プールが好きでマジで授業楽しみでした!と思っている人にとってはこの時間は地獄だ。
周りが立ち尽くしている。その状況を自分に打破する力はないと思いあきらめるセコ。
らむの肩を強く握りながら失神寸前だったセコはみんなより早く立ち上がったのだが…。
「(あ”あ”…ちょっと待って…もしかしてあたし以外立ち尽くしちゃってる感じ…?)」
セコは恐る恐る目を開け周りを見渡すと、今にも死にそうな表情の人がたくさんいることに気づいた。
ラムは気を失ってはいないものの方が大きくガタガタと揺れ顔色が悪い。
「(え…あは…あ…はお気絶してる…。
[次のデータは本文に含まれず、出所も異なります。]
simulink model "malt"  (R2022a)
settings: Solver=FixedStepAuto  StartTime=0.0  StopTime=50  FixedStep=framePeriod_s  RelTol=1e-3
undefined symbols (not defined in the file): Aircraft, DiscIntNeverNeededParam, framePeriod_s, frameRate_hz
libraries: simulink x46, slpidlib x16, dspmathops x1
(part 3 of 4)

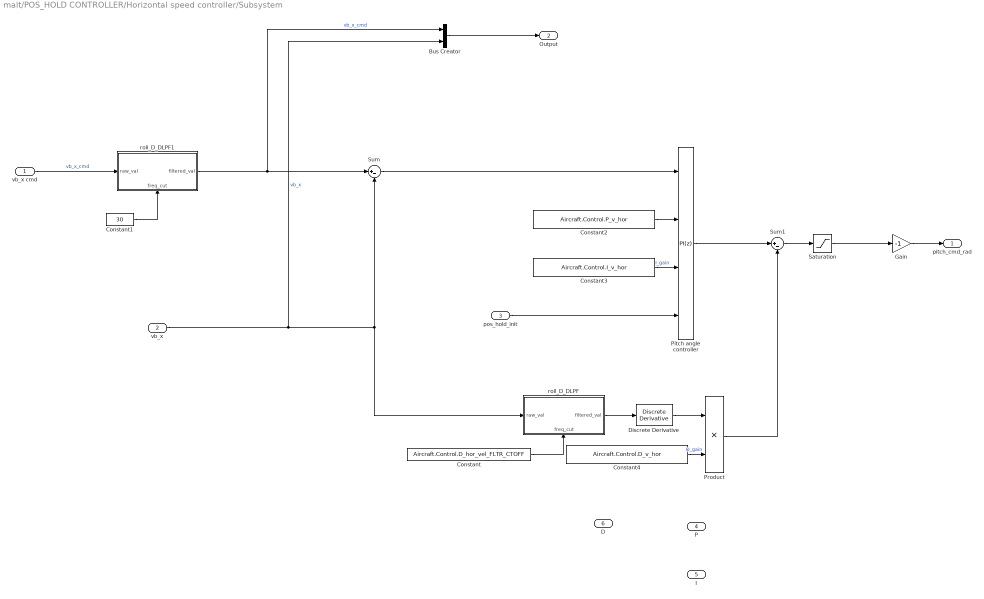
== system malt/POS_HOLD CONTROLLER/Horizontal speed controller/Subsystem ==
  vb_x cmd : Inport
  vb_x : Inport  Port=2
  pos_hold_init : Inport  Port=3
  P : Inport  Port=4
  I : Inport  Port=5
  D : Inport  Port=6
  Bus Creator : BusCreator  Inputs=2
  Constant : Constant  Value=Aircraft.Control.D_hor_vel_FLTR_CTOFF  OutDataTypeStr=single
  Constant1 : Constant  Value=30  OutDataTypeStr=single
  Constant2 : Constant  Value=Aircraft.Control.P_v_hor  OutDataTypeStr=single
  Constant3 : Constant  Value=Aircraft.Control.I_v_hor  OutDataTypeStr=single
  Constant4 : Constant  Value=Aircraft.Control.D_v_hor  OutDataTypeStr=single
  Discrete Derivative : simulink/Discrete/Discrete Derivative  gainval=1.0  ICPrevScaledInput=0.0  OutMin=[]  OutMax=[]  OutDataType=fixdt(1, 16)  OutScaling=2^-10  DoSatur=off
  Gain : Gain  Gain=-1
  Pitch angle controller : slpidlib/PID Controller  Controller=PI  Form=Parallel  TimeDomain=Discrete-time  UseExternalTs=off  SampleTime=framePeriod_s  IntegratorMethod=Forward Euler  FilterMethod=Forward Euler  ControllerParametersSource=external  P=0.335  I=0.005  UseKiTs=off  D=0  N=100  UseFilter=off  TunerSelectOption=Transfer Function Based (PID Tuner App)  InitialConditionSource=internal  InitialConditionForIntegrator=0  InitialConditionForFilter=0  DifferentiatorICPrevScaledInput=0  ExternalReset=either  TrackingMode=off  Kt=1  LimitOutput=on  SatLimitsSource=internal  UpperSaturationLimit=Aircraft.Control.pitch_angle_lim  LowerSaturationLimit=-Aircraft.Control.pitch_angle_lim  LinearizeAsGain=off  AntiWindupMode=clamping  Kb=1  POutMin=[]  POutMax=[]  IOutMin=[]  IOutMax=[]  DOutMin=[]  DOutMax=[]  NOutMin=[]  NOutMax=[]  SumOutMin=[]  SumOutMax=[]  SaturationOutMin=[]  SaturationOutMax=[]  PParamMin=[]  PParamMax=[]  IParamMin=[]  IParamMax=[]  DParamMin=[]  DParamMax=[]  NParamMin=[]  NParamMax=[]  KbParamMin=[]  KbParamMax=[]  KtParamMin=[]  KtParamMax=[]  KbOutMin=[]  KbOutMax=[]  KtOutMin=[]  KtOutMax=[]  IntegratorOutMin=[]  IntegratorOutMax=[]  FilterOutMin=[]  FilterOutMax=[]  SumI1OutMin=[]  SumI1OutMax=[]  SumI2OutMin=[]  SumI2OutMax=[]  SumI3OutMin=[]  SumI3OutMax=[]  SumI4OutMin=[]  SumI4OutMax=[]  SumDOutMin=[]  SumDOutMax=[]  DifferentiatorOutMin=[]  DifferentiatorOutMax=[]  FilterDiffOutCoefMin=[]  FilterDiffOutCoefMax=[]  ReciprocalOutMin=[]  ReciprocalOutMax=[]  SumDenOutMin=[]  SumDenOutMax=[]  SumNumOutMin=[]  SumNumOutMax=[]  DivideOutMin=[]  DivideOutMax=[]  UdiffTsProdOutMin=[]  UdiffTsProdOutMax=[]  NTsProdOutMin=[]  NTsProdOutMax=[]  UintegralTsProdOutMin=[]  UintegralTsProdOutMax=[]  UngainTsProdOutMin=[]  UngainTsProdOutMax=[]  IntegratorContinuousStateAttributes=''  IntegratorStateMustResolveToSignalObject=off  IntegratorRTWStateStorageClass=Auto  FilterContinuousStateAttributes=''  FilterStateMustResolveToSignalObject=off  FilterRTWStateStorageClass=Auto  ParallelPVariant=ExternalParameters  IdealPVariant=Disabled  IVariant=ExternalParameters  DVariant=Disabled  IntegratorVariant=Discrete  SatVariant=Enabled  AWVariant=DiscClampingParallel  PCopyVariant=Disabled  TRVariant=Disabled  FdbkBlocksVariant=Forward  IdealPFdbkVariant=Disabled  SatFdbkVariant=Disabled  DerivativeFilterVariant=Disabled  NVariant=Disabled  NCopyVariant=Disabled_SignalSpec  FilterICVariant=Disabled  IntegratorICVariant=InternalICs  ExternalResetVariant=ExternalReset  TRSumVariant=Passthrough  SumFdbkVariant=Disabled  SumVariant=Sum_PI  TsampFilterVariant=InternalTs  TsampNgainVariant=Passthrough  TsampIntegralVariant=Passthrough  ExternalSaturationOutDataTypeStr=Inherit: Same as second input  aMode=0
  Product : Product
  Saturation : Saturate  UpperLimit=Aircraft.Control.pitch_angle_lim  LowerLimit=-Aircraft.Control.pitch_angle_lim  LinearizeAsGain=off
  Sum : Sum  Inputs=|+-
  Sum1 : Sum  Inputs=|+-
  roll_D_DLPF : Subsystem
      settings: PortSchema="{\"entries\":[{\"content\":{\"sides\":[{\"content\":{\"connectorIds\":[\"In1\"]},\"type\":\"ConnectorPlacement.EquallySpacedRectSide\",\"uuid\":\"20236834-aeb3-4c5b-bb2e-f84447e752b5\"},{\"content\":{\"connectorIds\":[\"Out1\"],\"side\":\"RIGHT\"},\"type\":\"ConnectorPlacement.EquallySpacedRectSide\",\"uuid\":\"d668f9a1-a3df-4207-8bf1-99fb838e59b2\"},{\"content\":{\"connectorIds\":[],\"side\":\"TOP\"},\"type\":\"ConnectorPlacement.EquallySpacedRectSide\",\"uuid\":\"66cceb06-f4bc-4278-b965-2427292e46df\"},{\"content\":{\"connectorIds\":[\"In2\"],\"side\":\"BOTTOM\"},\"type\":\"ConnectorPlacement.EquallySpacedRectSide\",\"uuid\":\"8fdaac6a-cb03-4bd4-87bb-7bafd10bc297\"}]},\"type\":\"ConnectorPlacement.EquallySpacedConnector\",\"uuid\":\"3dc29a9a-e794-478d-b7df-452e6c2d3f66\"}],\"packageUris\":[\"http://schema.mathworks.com/mf0/Connector/R2020b\"],\"version\":\"1.0\"}"
  roll_D_DLPF1 : Subsystem
      settings: PortSchema="{\"entries\":[{\"content\":{\"sides\":[{\"content\":{\"connectorIds\":[\"In1\"]},\"type\":\"ConnectorPlacement.EquallySpacedRectSide\",\"uuid\":\"20236834-aeb3-4c5b-bb2e-f84447e752b5\"},{\"content\":{\"connectorIds\":[\"Out1\"],\"side\":\"RIGHT\"},\"type\":\"ConnectorPlacement.EquallySpacedRectSide\",\"uuid\":\"d668f9a1-a3df-4207-8bf1-99fb838e59b2\"},{\"content\":{\"connectorIds\":[],\"side\":\"TOP\"},\"type\":\"ConnectorPlacement.EquallySpacedRectSide\",\"uuid\":\"66cceb06-f4bc-4278-b965-2427292e46df\"},{\"content\":{\"connectorIds\":[\"In2\"],\"side\":\"BOTTOM\"},\"type\":\"ConnectorPlacement.EquallySpacedRectSide\",\"uuid\":\"8fdaac6a-cb03-4bd4-87bb-7bafd10bc297\"}]},\"type\":\"ConnectorPlacement.EquallySpacedConnector\",\"uuid\":\"3dc29a9a-e794-478d-b7df-452e6c2d3f66\"}],\"packageUris\":[\"http://schema.mathworks.com/mf0/Connector/R2020b\"],\"version\":\"1.0\"}"
  pitch_cmd_rad : Outport
  Output : Outport  Port=2
  wires:
  vb_x/1 -> Bus Creator/2, roll_D_DLPF/1(raw_val), Sum/2  "vb_x"
  Sum/1 -> Pitch angle controller/1
  Saturation/1 -> Gain/1
  Gain/1 -> pitch_cmd_rad/1
  pos_hold_init/1 -> Pitch angle controller/4
  Discrete Derivative/1 -> Product/1
  Constant/1 -> roll_D_DLPF/2(freq_cut)
  roll_D_DLPF/1(filtered_val) -> Discrete Derivative/1
  Pitch angle controller/1 -> Sum1/1
  Sum1/1 -> Saturation/1
  Product/1 -> Sum1/2
  Bus Creator/1 -> Output/1
  vb_x cmd/1 -> roll_D_DLPF1/1(raw_val)  "vb_x_cmd"
  roll_D_DLPF1/1(filtered_val) -> Sum/1, Bus Creator/1  "vb_x_cmd"
  Constant1/1 -> roll_D_DLPF1/2(freq_cut)
  Constant4/1 -> Product/2  "D_gain"
  Constant2/1 -> Pitch angle controller/2
  Constant3/1 -> Pitch angle controller/3  "I_gain"

== system malt/POS_HOLD CONTROLLER/Horizontal speed controller/Subsystem1 ==
  vb_y cmd : Inport
  vb_y : Inport  Port=2
  pos_hold_init : Inport  Port=3
  P : Inport  Port=4
  I : Inport  Port=5
  D : Inport  Port=6
  Bus Creator : BusCreator  Inputs=2
  Constant : Constant  Value=Aircraft.Control.D_hor_vel_FLTR_CTOFF  OutDataTypeStr=single
  Constant1 : Constant  Value=30  OutDataTypeStr=single
  Constant2 : Constant  Value=Aircraft.Control.P_v_hor  OutDataTypeStr=single
  Constant3 : Constant  Value=Aircraft.Control.I_v_hor  OutDataTypeStr=single
  Constant5 : Constant  Value=Aircraft.Control.D_v_hor  OutDataTypeStr=single
  Discrete Derivative : simulink/Discrete/Discrete Derivative  gainval=1.0  ICPrevScaledInput=0.0  OutMin=[]  OutMax=[]  OutDataType=fixdt(1, 16)  OutScaling=2^-10  DoSatur=off
  Product : Product
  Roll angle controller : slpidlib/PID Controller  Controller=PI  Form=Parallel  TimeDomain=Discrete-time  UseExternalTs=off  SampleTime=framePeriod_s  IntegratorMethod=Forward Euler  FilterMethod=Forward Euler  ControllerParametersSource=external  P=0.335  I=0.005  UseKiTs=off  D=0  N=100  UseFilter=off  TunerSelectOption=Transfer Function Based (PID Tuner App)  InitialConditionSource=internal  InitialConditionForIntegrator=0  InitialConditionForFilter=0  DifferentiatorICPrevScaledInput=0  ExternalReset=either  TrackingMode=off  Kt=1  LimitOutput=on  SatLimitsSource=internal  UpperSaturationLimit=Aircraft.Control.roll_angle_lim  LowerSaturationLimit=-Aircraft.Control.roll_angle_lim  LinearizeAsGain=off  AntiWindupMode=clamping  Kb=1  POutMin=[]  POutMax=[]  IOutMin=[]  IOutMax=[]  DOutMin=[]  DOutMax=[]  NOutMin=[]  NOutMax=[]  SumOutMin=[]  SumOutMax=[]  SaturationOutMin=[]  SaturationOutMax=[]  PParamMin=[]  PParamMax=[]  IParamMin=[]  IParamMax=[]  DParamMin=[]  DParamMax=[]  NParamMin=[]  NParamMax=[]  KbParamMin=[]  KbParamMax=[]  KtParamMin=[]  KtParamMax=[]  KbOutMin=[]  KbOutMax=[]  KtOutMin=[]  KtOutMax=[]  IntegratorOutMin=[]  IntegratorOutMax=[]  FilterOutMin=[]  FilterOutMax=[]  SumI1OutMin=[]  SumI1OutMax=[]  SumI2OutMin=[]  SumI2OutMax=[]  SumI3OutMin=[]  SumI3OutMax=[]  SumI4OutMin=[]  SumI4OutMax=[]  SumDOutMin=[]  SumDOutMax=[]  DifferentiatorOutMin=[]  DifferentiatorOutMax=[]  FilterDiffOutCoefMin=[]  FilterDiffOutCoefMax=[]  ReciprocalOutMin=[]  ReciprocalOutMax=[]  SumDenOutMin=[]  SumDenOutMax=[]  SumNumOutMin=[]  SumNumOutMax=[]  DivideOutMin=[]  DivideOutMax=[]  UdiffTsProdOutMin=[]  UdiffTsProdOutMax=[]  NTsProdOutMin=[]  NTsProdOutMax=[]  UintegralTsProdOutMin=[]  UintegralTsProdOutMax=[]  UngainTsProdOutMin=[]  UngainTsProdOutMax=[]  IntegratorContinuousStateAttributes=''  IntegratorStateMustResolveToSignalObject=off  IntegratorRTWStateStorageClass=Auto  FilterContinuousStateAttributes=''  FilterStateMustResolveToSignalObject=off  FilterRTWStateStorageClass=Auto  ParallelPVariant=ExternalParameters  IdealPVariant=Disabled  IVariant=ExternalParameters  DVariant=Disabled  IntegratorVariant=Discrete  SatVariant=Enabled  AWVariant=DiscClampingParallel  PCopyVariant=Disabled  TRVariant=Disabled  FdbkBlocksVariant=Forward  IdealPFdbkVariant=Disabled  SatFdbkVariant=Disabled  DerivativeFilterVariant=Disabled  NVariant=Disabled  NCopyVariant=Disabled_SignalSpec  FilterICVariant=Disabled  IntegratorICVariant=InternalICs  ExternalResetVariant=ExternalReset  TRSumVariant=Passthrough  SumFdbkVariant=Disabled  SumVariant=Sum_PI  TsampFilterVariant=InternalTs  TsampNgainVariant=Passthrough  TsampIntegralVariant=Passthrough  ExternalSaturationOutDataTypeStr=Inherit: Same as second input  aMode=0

どうしよう…。先生…は、だめだ…だめだったぁ~…)」
先生ならもしかしたら復活しているかと思ってそっちの方を見るも…先生のバットは怒りと驚きのあまり粉々に粉砕されており、先生の顔は暗すぎてよく見えない。
でも何も動かないのでまだ固まったいる。
「や・ば・い!!尊い!あ”あ”~…よし!ただいま戻りました~☆なつですっ!」
一人ぼーっと周りを見渡すセコの次に理性が戻ったのはなつだった。
目が開いて最初に見たのは案の定りん。
その次にヤバい尊いと叫び…ほほを両手で強くたたいた。
叩いた後自分が戻ってきたことをみんなに…セコに伝えた。
「なつちゃん!」
「あれ!?セコちゃん?」
二人は理性の戻った人の気配を感じ取ったのでお互いのほうを見た。
お互いを見た後二人は名前を呼び合った。
なつが戻ってから続々と理性が復活していく人が増えてきた。まず街の人たち数人が復活した。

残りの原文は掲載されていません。